(Dataset records Opens)

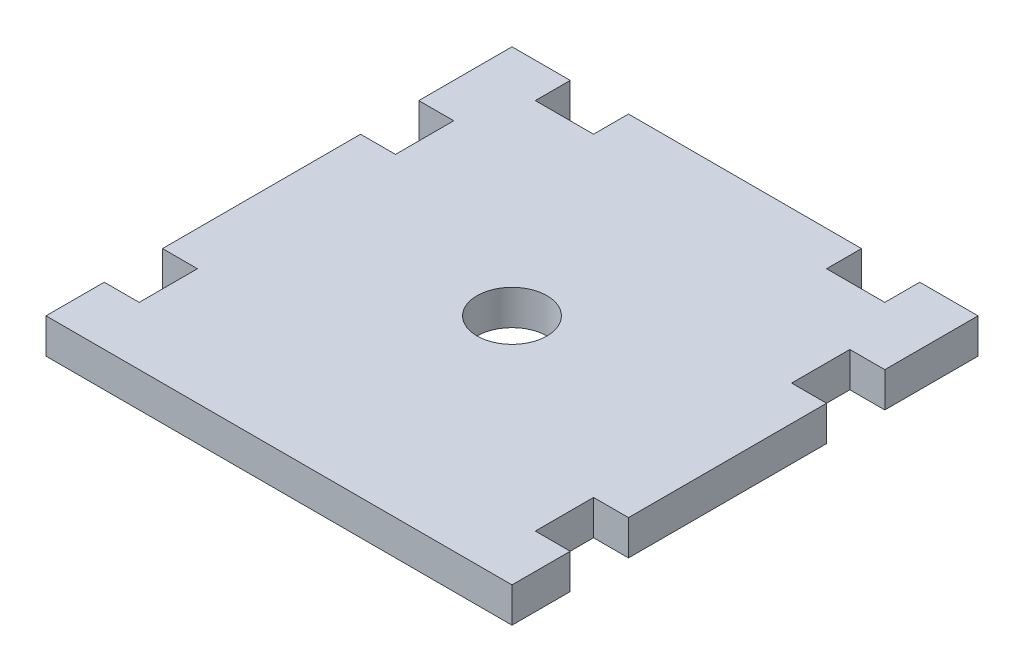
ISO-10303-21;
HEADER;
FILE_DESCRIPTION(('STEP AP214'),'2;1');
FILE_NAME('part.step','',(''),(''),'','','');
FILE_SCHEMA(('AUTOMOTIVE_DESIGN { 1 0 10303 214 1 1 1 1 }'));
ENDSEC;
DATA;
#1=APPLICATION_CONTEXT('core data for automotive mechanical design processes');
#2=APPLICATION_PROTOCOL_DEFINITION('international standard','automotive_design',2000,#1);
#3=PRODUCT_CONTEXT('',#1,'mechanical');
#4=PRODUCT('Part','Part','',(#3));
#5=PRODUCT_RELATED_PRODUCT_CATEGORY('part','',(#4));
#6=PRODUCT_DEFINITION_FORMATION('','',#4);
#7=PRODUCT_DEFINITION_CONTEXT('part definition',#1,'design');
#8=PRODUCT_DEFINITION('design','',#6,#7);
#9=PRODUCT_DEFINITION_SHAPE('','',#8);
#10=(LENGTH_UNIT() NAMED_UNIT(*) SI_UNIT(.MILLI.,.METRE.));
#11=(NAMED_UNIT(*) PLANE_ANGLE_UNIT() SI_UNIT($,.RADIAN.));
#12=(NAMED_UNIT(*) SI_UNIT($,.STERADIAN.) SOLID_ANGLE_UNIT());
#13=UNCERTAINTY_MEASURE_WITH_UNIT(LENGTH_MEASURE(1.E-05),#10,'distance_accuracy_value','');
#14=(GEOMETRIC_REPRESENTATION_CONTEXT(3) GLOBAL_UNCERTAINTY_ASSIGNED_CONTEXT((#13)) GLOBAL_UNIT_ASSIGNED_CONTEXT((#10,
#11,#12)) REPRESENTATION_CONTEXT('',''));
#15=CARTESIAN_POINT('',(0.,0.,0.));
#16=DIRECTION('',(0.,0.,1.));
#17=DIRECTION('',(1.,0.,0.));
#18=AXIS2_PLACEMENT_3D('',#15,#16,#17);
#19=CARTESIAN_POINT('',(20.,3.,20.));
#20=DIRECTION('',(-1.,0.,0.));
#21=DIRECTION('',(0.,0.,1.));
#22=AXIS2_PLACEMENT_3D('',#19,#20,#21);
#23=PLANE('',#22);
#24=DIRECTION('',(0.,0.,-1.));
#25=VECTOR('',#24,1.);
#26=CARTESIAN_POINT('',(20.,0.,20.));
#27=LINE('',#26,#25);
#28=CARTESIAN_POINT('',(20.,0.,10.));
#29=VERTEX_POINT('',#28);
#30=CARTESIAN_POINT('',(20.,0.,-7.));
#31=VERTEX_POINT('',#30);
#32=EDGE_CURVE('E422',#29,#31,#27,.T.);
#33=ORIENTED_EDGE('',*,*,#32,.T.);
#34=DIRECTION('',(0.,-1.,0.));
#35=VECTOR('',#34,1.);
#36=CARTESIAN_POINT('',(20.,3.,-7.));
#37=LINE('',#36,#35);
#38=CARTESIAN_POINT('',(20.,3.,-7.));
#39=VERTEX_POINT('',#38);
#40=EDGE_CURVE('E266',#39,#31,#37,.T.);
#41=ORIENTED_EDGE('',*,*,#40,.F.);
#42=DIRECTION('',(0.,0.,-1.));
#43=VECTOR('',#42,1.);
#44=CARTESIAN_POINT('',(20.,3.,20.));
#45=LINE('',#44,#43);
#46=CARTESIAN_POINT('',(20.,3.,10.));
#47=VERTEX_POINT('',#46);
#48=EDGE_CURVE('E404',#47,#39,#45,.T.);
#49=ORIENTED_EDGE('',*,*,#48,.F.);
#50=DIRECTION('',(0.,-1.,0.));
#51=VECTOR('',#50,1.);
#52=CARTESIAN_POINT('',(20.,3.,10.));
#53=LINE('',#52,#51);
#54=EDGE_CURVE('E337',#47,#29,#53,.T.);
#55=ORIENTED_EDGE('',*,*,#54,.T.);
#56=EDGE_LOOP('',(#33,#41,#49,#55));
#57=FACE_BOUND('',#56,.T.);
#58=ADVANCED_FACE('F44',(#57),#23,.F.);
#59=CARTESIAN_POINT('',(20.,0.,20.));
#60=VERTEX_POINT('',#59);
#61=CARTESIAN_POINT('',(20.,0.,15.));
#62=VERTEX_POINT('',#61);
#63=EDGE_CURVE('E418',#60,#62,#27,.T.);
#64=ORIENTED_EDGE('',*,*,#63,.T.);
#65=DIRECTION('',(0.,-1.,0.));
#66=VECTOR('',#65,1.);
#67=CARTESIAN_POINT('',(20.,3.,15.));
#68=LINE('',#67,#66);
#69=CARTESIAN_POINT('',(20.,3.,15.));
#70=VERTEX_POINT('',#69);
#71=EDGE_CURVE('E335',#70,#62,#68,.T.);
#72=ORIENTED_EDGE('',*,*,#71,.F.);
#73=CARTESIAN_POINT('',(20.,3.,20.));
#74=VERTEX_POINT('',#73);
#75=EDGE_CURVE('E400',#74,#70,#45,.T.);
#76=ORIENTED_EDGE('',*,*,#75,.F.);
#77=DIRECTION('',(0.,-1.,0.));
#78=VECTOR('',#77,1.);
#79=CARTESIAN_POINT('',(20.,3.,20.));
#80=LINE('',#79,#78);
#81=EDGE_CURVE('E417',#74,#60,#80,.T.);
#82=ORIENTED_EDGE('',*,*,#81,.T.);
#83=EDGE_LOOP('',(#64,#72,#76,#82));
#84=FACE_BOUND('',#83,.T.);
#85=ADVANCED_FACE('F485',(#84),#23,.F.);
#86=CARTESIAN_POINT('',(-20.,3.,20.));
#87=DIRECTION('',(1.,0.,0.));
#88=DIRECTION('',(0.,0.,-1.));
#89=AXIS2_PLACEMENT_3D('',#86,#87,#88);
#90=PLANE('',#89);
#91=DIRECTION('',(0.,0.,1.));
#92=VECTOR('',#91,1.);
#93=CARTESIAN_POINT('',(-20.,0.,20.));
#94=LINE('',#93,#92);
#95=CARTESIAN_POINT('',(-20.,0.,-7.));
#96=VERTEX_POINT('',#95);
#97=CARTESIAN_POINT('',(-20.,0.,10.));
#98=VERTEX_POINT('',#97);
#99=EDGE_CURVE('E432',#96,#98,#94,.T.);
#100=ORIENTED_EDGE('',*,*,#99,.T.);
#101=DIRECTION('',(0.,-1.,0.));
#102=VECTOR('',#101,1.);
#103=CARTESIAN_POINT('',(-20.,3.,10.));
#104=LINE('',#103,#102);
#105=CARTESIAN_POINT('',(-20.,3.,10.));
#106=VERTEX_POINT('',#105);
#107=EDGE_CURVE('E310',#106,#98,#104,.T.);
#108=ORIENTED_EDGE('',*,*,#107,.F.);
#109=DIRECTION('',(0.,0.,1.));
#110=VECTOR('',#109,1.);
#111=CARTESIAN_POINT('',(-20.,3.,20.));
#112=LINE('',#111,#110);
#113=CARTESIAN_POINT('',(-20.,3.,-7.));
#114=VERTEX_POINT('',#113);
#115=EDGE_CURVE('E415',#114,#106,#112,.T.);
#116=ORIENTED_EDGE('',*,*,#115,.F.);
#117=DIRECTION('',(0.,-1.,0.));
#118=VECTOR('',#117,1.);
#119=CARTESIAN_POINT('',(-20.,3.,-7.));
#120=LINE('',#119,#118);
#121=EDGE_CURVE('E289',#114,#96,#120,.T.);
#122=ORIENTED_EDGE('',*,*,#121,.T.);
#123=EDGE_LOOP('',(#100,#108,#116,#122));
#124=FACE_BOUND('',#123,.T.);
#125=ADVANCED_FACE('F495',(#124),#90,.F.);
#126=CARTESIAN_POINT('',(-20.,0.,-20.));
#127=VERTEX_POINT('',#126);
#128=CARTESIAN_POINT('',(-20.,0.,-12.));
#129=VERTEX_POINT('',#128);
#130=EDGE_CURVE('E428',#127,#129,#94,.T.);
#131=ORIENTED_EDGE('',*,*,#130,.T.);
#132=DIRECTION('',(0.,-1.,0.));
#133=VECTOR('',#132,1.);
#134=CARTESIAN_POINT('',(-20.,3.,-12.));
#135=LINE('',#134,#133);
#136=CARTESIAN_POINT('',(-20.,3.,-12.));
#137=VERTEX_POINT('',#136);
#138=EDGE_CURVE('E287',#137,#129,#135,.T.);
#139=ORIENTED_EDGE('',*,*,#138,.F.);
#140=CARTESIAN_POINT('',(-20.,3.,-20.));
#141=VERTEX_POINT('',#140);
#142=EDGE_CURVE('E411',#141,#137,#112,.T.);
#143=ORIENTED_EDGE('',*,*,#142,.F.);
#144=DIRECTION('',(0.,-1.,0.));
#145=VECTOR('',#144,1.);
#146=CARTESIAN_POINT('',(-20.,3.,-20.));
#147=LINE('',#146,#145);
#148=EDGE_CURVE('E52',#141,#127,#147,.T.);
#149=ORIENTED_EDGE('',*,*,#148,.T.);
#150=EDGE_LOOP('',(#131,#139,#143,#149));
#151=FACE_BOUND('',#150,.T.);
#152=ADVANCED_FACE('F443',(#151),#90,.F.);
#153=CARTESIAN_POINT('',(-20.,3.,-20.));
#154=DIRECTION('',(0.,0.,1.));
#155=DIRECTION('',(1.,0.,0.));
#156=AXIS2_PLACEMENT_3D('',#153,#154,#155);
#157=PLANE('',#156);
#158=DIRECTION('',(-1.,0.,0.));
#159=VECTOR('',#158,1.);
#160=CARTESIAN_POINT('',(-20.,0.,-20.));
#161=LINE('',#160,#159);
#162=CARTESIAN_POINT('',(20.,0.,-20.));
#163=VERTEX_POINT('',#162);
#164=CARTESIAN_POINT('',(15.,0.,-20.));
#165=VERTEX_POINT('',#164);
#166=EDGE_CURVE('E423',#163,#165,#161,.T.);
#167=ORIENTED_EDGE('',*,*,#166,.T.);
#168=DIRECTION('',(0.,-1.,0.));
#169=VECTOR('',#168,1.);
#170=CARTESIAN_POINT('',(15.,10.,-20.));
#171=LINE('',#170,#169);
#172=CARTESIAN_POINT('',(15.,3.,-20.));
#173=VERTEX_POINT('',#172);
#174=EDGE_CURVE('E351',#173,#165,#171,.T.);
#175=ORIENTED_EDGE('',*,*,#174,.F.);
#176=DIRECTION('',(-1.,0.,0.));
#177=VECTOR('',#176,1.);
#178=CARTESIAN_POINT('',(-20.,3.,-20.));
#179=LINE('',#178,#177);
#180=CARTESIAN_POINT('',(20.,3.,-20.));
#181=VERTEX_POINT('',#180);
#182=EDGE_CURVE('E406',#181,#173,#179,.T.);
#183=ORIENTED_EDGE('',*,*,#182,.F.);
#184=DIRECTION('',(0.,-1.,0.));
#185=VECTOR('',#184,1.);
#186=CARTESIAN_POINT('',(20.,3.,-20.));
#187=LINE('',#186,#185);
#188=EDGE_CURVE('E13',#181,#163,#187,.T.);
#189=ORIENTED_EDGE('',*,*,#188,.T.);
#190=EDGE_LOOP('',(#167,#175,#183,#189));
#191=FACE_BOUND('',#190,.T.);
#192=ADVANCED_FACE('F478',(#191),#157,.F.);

(Dataset records Closes)

## What you should do:
All that should be returned is the run of lines from the start of the entries above to the line bearing "#25=VECTOR('',#24,1.);", each exact, with pictures omitted.

## Final answer:
ISO-10303-21;
HEADER;
FILE_DESCRIPTION(('STEP AP214'),'2;1');
FILE_NAME('part.step','',(''),(''),'','','');
FILE_SCHEMA(('AUTOMOTIVE_DESIGN { 1 0 10303 214 1 1 1 1 }'));
ENDSEC;
DATA;
#1=APPLICATION_CONTEXT('core data for automotive mechanical design processes');
#2=APPLICATION_PROTOCOL_DEFINITION('international standard','automotive_design',2000,#1);
#3=PRODUCT_CONTEXT('',#1,'mechanical');
#4=PRODUCT('Part','Part','',(#3));
#5=PRODUCT_RELATED_PRODUCT_CATEGORY('part','',(#4));
#6=PRODUCT_DEFINITION_FORMATION('','',#4);
#7=PRODUCT_DEFINITION_CONTEXT('part definition',#1,'design');
#8=PRODUCT_DEFINITION('design','',#6,#7);
#9=PRODUCT_DEFINITION_SHAPE('','',#8);
#10=(LENGTH_UNIT() NAMED_UNIT(*) SI_UNIT(.MILLI.,.METRE.));
#11=(NAMED_UNIT(*) PLANE_ANGLE_UNIT() SI_UNIT($,.RADIAN.));
#12=(NAMED_UNIT(*) SI_UNIT($,.STERADIAN.) SOLID_ANGLE_UNIT());
#13=UNCERTAINTY_MEASURE_WITH_UNIT(LENGTH_MEASURE(1.E-05),#10,'distance_accuracy_value','');
#14=(GEOMETRIC_REPRESENTATION_CONTEXT(3) GLOBAL_UNCERTAINTY_ASSIGNED_CONTEXT((#13)) GLOBAL_UNIT_ASSIGNED_CONTEXT((#10,
#11,#12)) REPRESENTATION_CONTEXT('',''));
#15=CARTESIAN_POINT('',(0.,0.,0.));
#16=DIRECTION('',(0.,0.,1.));
#17=DIRECTION('',(1.,0.,0.));
#18=AXIS2_PLACEMENT_3D('',#15,#16,#17);
#19=CARTESIAN_POINT('',(20.,3.,20.));
#20=DIRECTION('',(-1.,0.,0.));
#21=DIRECTION('',(0.,0.,1.));
#22=AXIS2_PLACEMENT_3D('',#19,#20,#21);
#23=PLANE('',#22);
#24=DIRECTION('',(0.,0.,-1.));
#25=VECTOR('',#24,1.);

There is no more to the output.